Ah - just noticed the words "You may be eligible for Guarantee Credit if you've reached State Pension age"
https://benefits-calculator.turn2us.org.uk/AboutYou
I sometimes use this with clients to check their entitlements. Got to be worth a go.
Everything the OP has remarked in this thread indicates he's eligible for six months worth of contribution-based JSA providing he's seeking work. It matters not whether he has any amount of savings.
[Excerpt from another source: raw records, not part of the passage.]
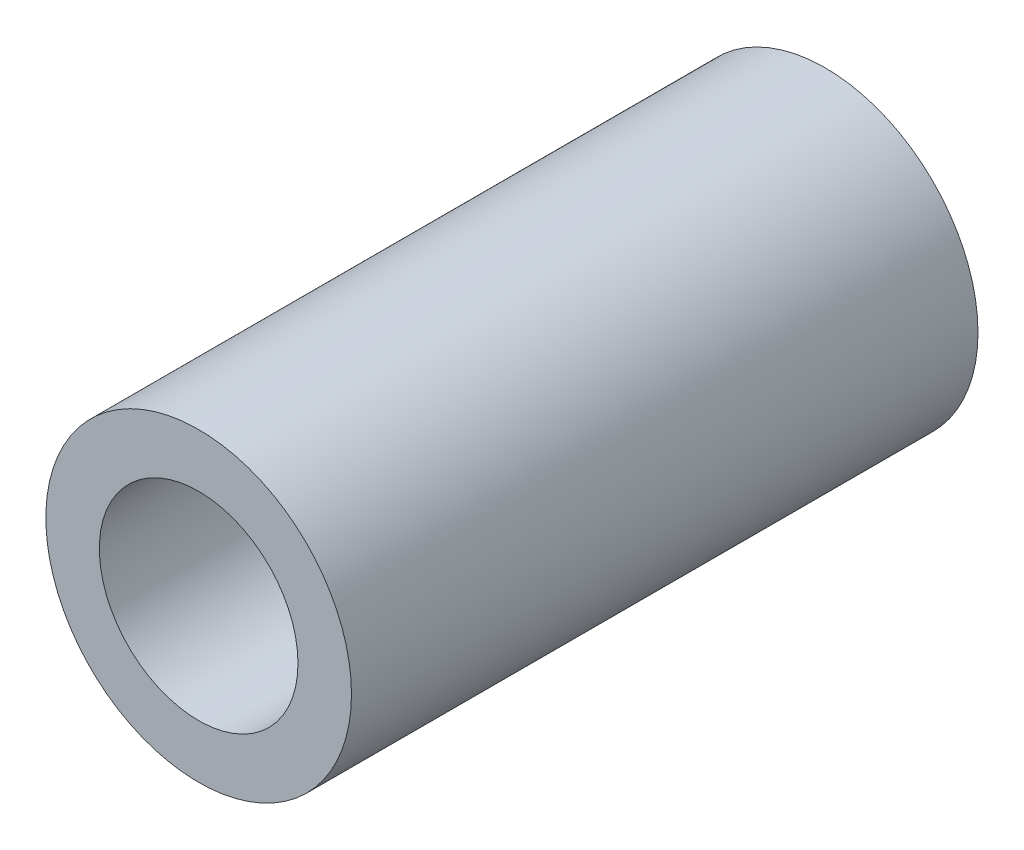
from build123d import *

# Parameters (mm, degrees)
SKETCH_1_R      = 5
SKETCH_1_R_2    = 3.25
EXTRUDE_1_DEPTH = 20.5


with BuildPart() as part:
    # Sketch 1 → Extrude 1 (new body)
    with BuildSketch(Plane.XY):
        Circle(SKETCH_1_R)
        Circle(SKETCH_1_R_2, mode=Mode.SUBTRACT)
    extrude(amount=EXTRUDE_1_DEPTH)


solid = part.part
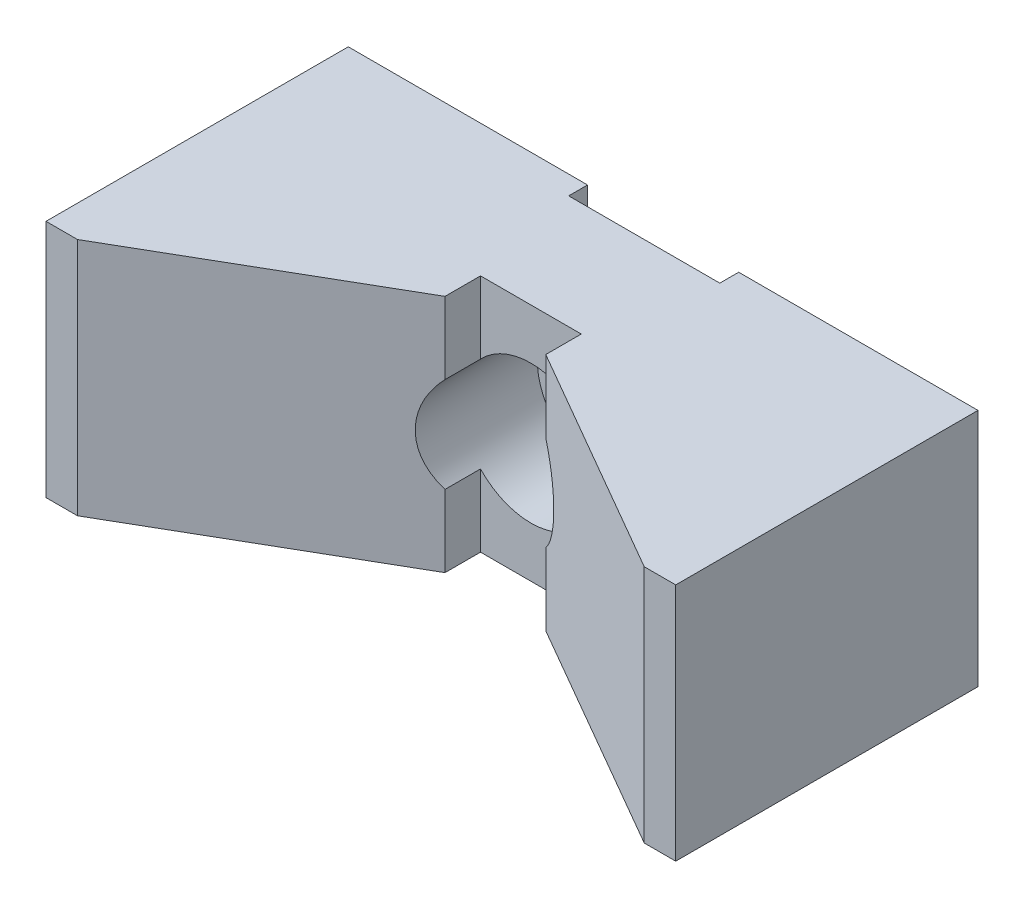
ISO-10303-21;
HEADER;
FILE_DESCRIPTION(('STEP AP214'),'2;1');
FILE_NAME('part.step','',(''),(''),'','','');
FILE_SCHEMA(('AUTOMOTIVE_DESIGN { 1 0 10303 214 1 1 1 1 }'));
ENDSEC;
DATA;
#1=APPLICATION_CONTEXT('core data for automotive mechanical design processes');
#2=APPLICATION_PROTOCOL_DEFINITION('international standard','automotive_design',2000,#1);
#3=PRODUCT_CONTEXT('',#1,'mechanical');
#4=PRODUCT('Part','Part','',(#3));
#5=PRODUCT_RELATED_PRODUCT_CATEGORY('part','',(#4));
#6=PRODUCT_DEFINITION_FORMATION('','',#4);
#7=PRODUCT_DEFINITION_CONTEXT('part definition',#1,'design');
#8=PRODUCT_DEFINITION('design','',#6,#7);
#9=PRODUCT_DEFINITION_SHAPE('','',#8);
#10=(LENGTH_UNIT() NAMED_UNIT(*) SI_UNIT(.MILLI.,.METRE.));
#11=(NAMED_UNIT(*) PLANE_ANGLE_UNIT() SI_UNIT($,.RADIAN.));
#12=(NAMED_UNIT(*) SI_UNIT($,.STERADIAN.) SOLID_ANGLE_UNIT());
#13=UNCERTAINTY_MEASURE_WITH_UNIT(LENGTH_MEASURE(1.E-05),#10,'distance_accuracy_value','');
#14=(GEOMETRIC_REPRESENTATION_CONTEXT(3) GLOBAL_UNCERTAINTY_ASSIGNED_CONTEXT((#13)) GLOBAL_UNIT_ASSIGNED_CONTEXT((#10,
#11,#12)) REPRESENTATION_CONTEXT('',''));
#15=CARTESIAN_POINT('',(0.,0.,0.));
#16=DIRECTION('',(0.,0.,1.));
#17=DIRECTION('',(1.,0.,0.));
#18=AXIS2_PLACEMENT_3D('',#15,#16,#17);
#19=CARTESIAN_POINT('',(-25.,-9.5,0.));
#20=DIRECTION('',(0.,0.,1.));
#21=DIRECTION('',(-1.,0.,0.));
#22=AXIS2_PLACEMENT_3D('',#19,#20,#21);
#23=PLANE('',#22);
#24=DIRECTION('',(1.,0.,0.));
#25=VECTOR('',#24,1.);
#26=CARTESIAN_POINT('',(-25.,-9.5,0.));
#27=LINE('',#26,#25);
#28=CARTESIAN_POINT('',(6.,-9.5,0.));
#29=VERTEX_POINT('',#28);
#30=CARTESIAN_POINT('',(25.,-9.5,0.));
#31=VERTEX_POINT('',#30);
#32=EDGE_CURVE('E238',#29,#31,#27,.T.);
#33=ORIENTED_EDGE('',*,*,#32,.F.);
#34=DIRECTION('',(0.,-1.,0.));
#35=VECTOR('',#34,1.);
#36=CARTESIAN_POINT('',(6.,29.5,0.));
#37=LINE('',#36,#35);
#38=CARTESIAN_POINT('',(6.,9.5,0.));
#39=VERTEX_POINT('',#38);
#40=EDGE_CURVE('E189',#39,#29,#37,.T.);
#41=ORIENTED_EDGE('',*,*,#40,.F.);
#42=DIRECTION('',(1.,0.,0.));
#43=VECTOR('',#42,1.);
#44=CARTESIAN_POINT('',(-25.,9.5,0.));
#45=LINE('',#44,#43);
#46=CARTESIAN_POINT('',(25.,9.5,0.));
#47=VERTEX_POINT('',#46);
#48=EDGE_CURVE('E222',#39,#47,#45,.T.);
#49=ORIENTED_EDGE('',*,*,#48,.T.);
#50=DIRECTION('',(0.,1.,0.));
#51=VECTOR('',#50,1.);
#52=CARTESIAN_POINT('',(25.,-9.5,0.));
#53=LINE('',#52,#51);
#54=EDGE_CURVE('E242',#31,#47,#53,.T.);
#55=ORIENTED_EDGE('',*,*,#54,.F.);
#56=EDGE_LOOP('',(#33,#41,#49,#55));
#57=FACE_BOUND('',#56,.T.);
#58=ADVANCED_FACE('F14',(#57),#23,.F.);
#59=CARTESIAN_POINT('',(25.,-9.5,0.));
#60=DIRECTION('',(-1.,0.,0.));
#61=DIRECTION('',(0.,0.,-1.));
#62=AXIS2_PLACEMENT_3D('',#59,#60,#61);
#63=PLANE('',#62);
#64=DIRECTION('',(0.,0.,1.));
#65=VECTOR('',#64,1.);
#66=CARTESIAN_POINT('',(25.,9.5,0.));
#67=LINE('',#66,#65);
#68=CARTESIAN_POINT('',(25.,9.5,24.));
#69=VERTEX_POINT('',#68);
#70=EDGE_CURVE('E208',#47,#69,#67,.T.);
#71=ORIENTED_EDGE('',*,*,#70,.T.);
#72=DIRECTION('',(0.,1.,0.));
#73=VECTOR('',#72,1.);
#74=CARTESIAN_POINT('',(25.,-9.5,24.));
#75=LINE('',#74,#73);
#76=CARTESIAN_POINT('',(25.,-9.5,24.));
#77=VERTEX_POINT('',#76);
#78=EDGE_CURVE('E257',#77,#69,#75,.T.);
#79=ORIENTED_EDGE('',*,*,#78,.F.);
#80=DIRECTION('',(0.,0.,1.));
#81=VECTOR('',#80,1.);
#82=CARTESIAN_POINT('',(25.,-9.5,0.));
#83=LINE('',#82,#81);
#84=EDGE_CURVE('E226',#31,#77,#83,.T.);
#85=ORIENTED_EDGE('',*,*,#84,.F.);
#86=ORIENTED_EDGE('',*,*,#54,.T.);
#87=EDGE_LOOP('',(#71,#79,#85,#86));
#88=FACE_BOUND('',#87,.T.);
#89=ADVANCED_FACE('F16',(#88),#63,.F.);
#90=CARTESIAN_POINT('',(25.,-9.5,24.));
#91=DIRECTION('',(0.,0.,-1.));
#92=DIRECTION('',(1.,0.,0.));
#93=AXIS2_PLACEMENT_3D('',#90,#91,#92);
#94=PLANE('',#93);
#95=DIRECTION('',(-1.,0.,0.));
#96=VECTOR('',#95,1.);
#97=CARTESIAN_POINT('',(25.,9.5,24.));
#98=LINE('',#97,#96);
#99=CARTESIAN_POINT('',(22.5,9.5,24.));
#100=VERTEX_POINT('',#99);
#101=EDGE_CURVE('E211',#69,#100,#98,.T.);
#102=ORIENTED_EDGE('',*,*,#101,.T.);
#103=DIRECTION('',(0.,1.,0.));
#104=VECTOR('',#103,1.);
#105=CARTESIAN_POINT('',(22.5,-9.5,24.));
#106=LINE('',#105,#104);
#107=CARTESIAN_POINT('',(22.5,-9.5,24.));
#108=VERTEX_POINT('',#107);
#109=EDGE_CURVE('E254',#108,#100,#106,.T.);
#110=ORIENTED_EDGE('',*,*,#109,.F.);
#111=DIRECTION('',(-1.,0.,0.));
#112=VECTOR('',#111,1.);
#113=CARTESIAN_POINT('',(25.,-9.5,24.));
#114=LINE('',#113,#112);
#115=EDGE_CURVE('E229',#77,#108,#114,.T.);
#116=ORIENTED_EDGE('',*,*,#115,.F.);
#117=ORIENTED_EDGE('',*,*,#78,.T.);
#118=EDGE_LOOP('',(#102,#110,#116,#117));
#119=FACE_BOUND('',#118,.T.);
#120=ADVANCED_FACE('F330',(#119),#94,.F.);
#121=CARTESIAN_POINT('',(22.5,-9.5,24.));
#122=DIRECTION('',(0.5,0.,-0.86602540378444));
#123=DIRECTION('',(0.86602540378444,0.,0.5));
#124=AXIS2_PLACEMENT_3D('',#121,#122,#123);
#125=PLANE('',#124);
#126=DIRECTION('',(-0.86602540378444,0.,-0.5));
#127=VECTOR('',#126,1.);
#128=CARTESIAN_POINT('',(22.5,9.5,24.));
#129=LINE('',#128,#127);
#130=CARTESIAN_POINT('',(4.,9.5,13.319020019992));
#131=VERTEX_POINT('',#130);
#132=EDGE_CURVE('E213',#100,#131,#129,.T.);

Here's the criteria - https://www.gov.uk/jobseekers-allowance/eligibility
Contributions based JSA states
"Contribution-based JSA
You can only apply for contribution-based JSA if you either:
get the severe disability premium, or are entitled to it
got or were entitled to the severe disability premium within the last month and are still eligible for it
I don"t think Since 62 is or was receiving severe disability premiums is he ?
From the same link He qualifies because of his contributions made during the past three years -
‘New style’ JSA
To be eligible for ‘new style’ JSA you’ll need to have worked as an employee and paid Class 1 National Insurance contributions, usually in the last 2 to 3 years. National Insurance credits can also count.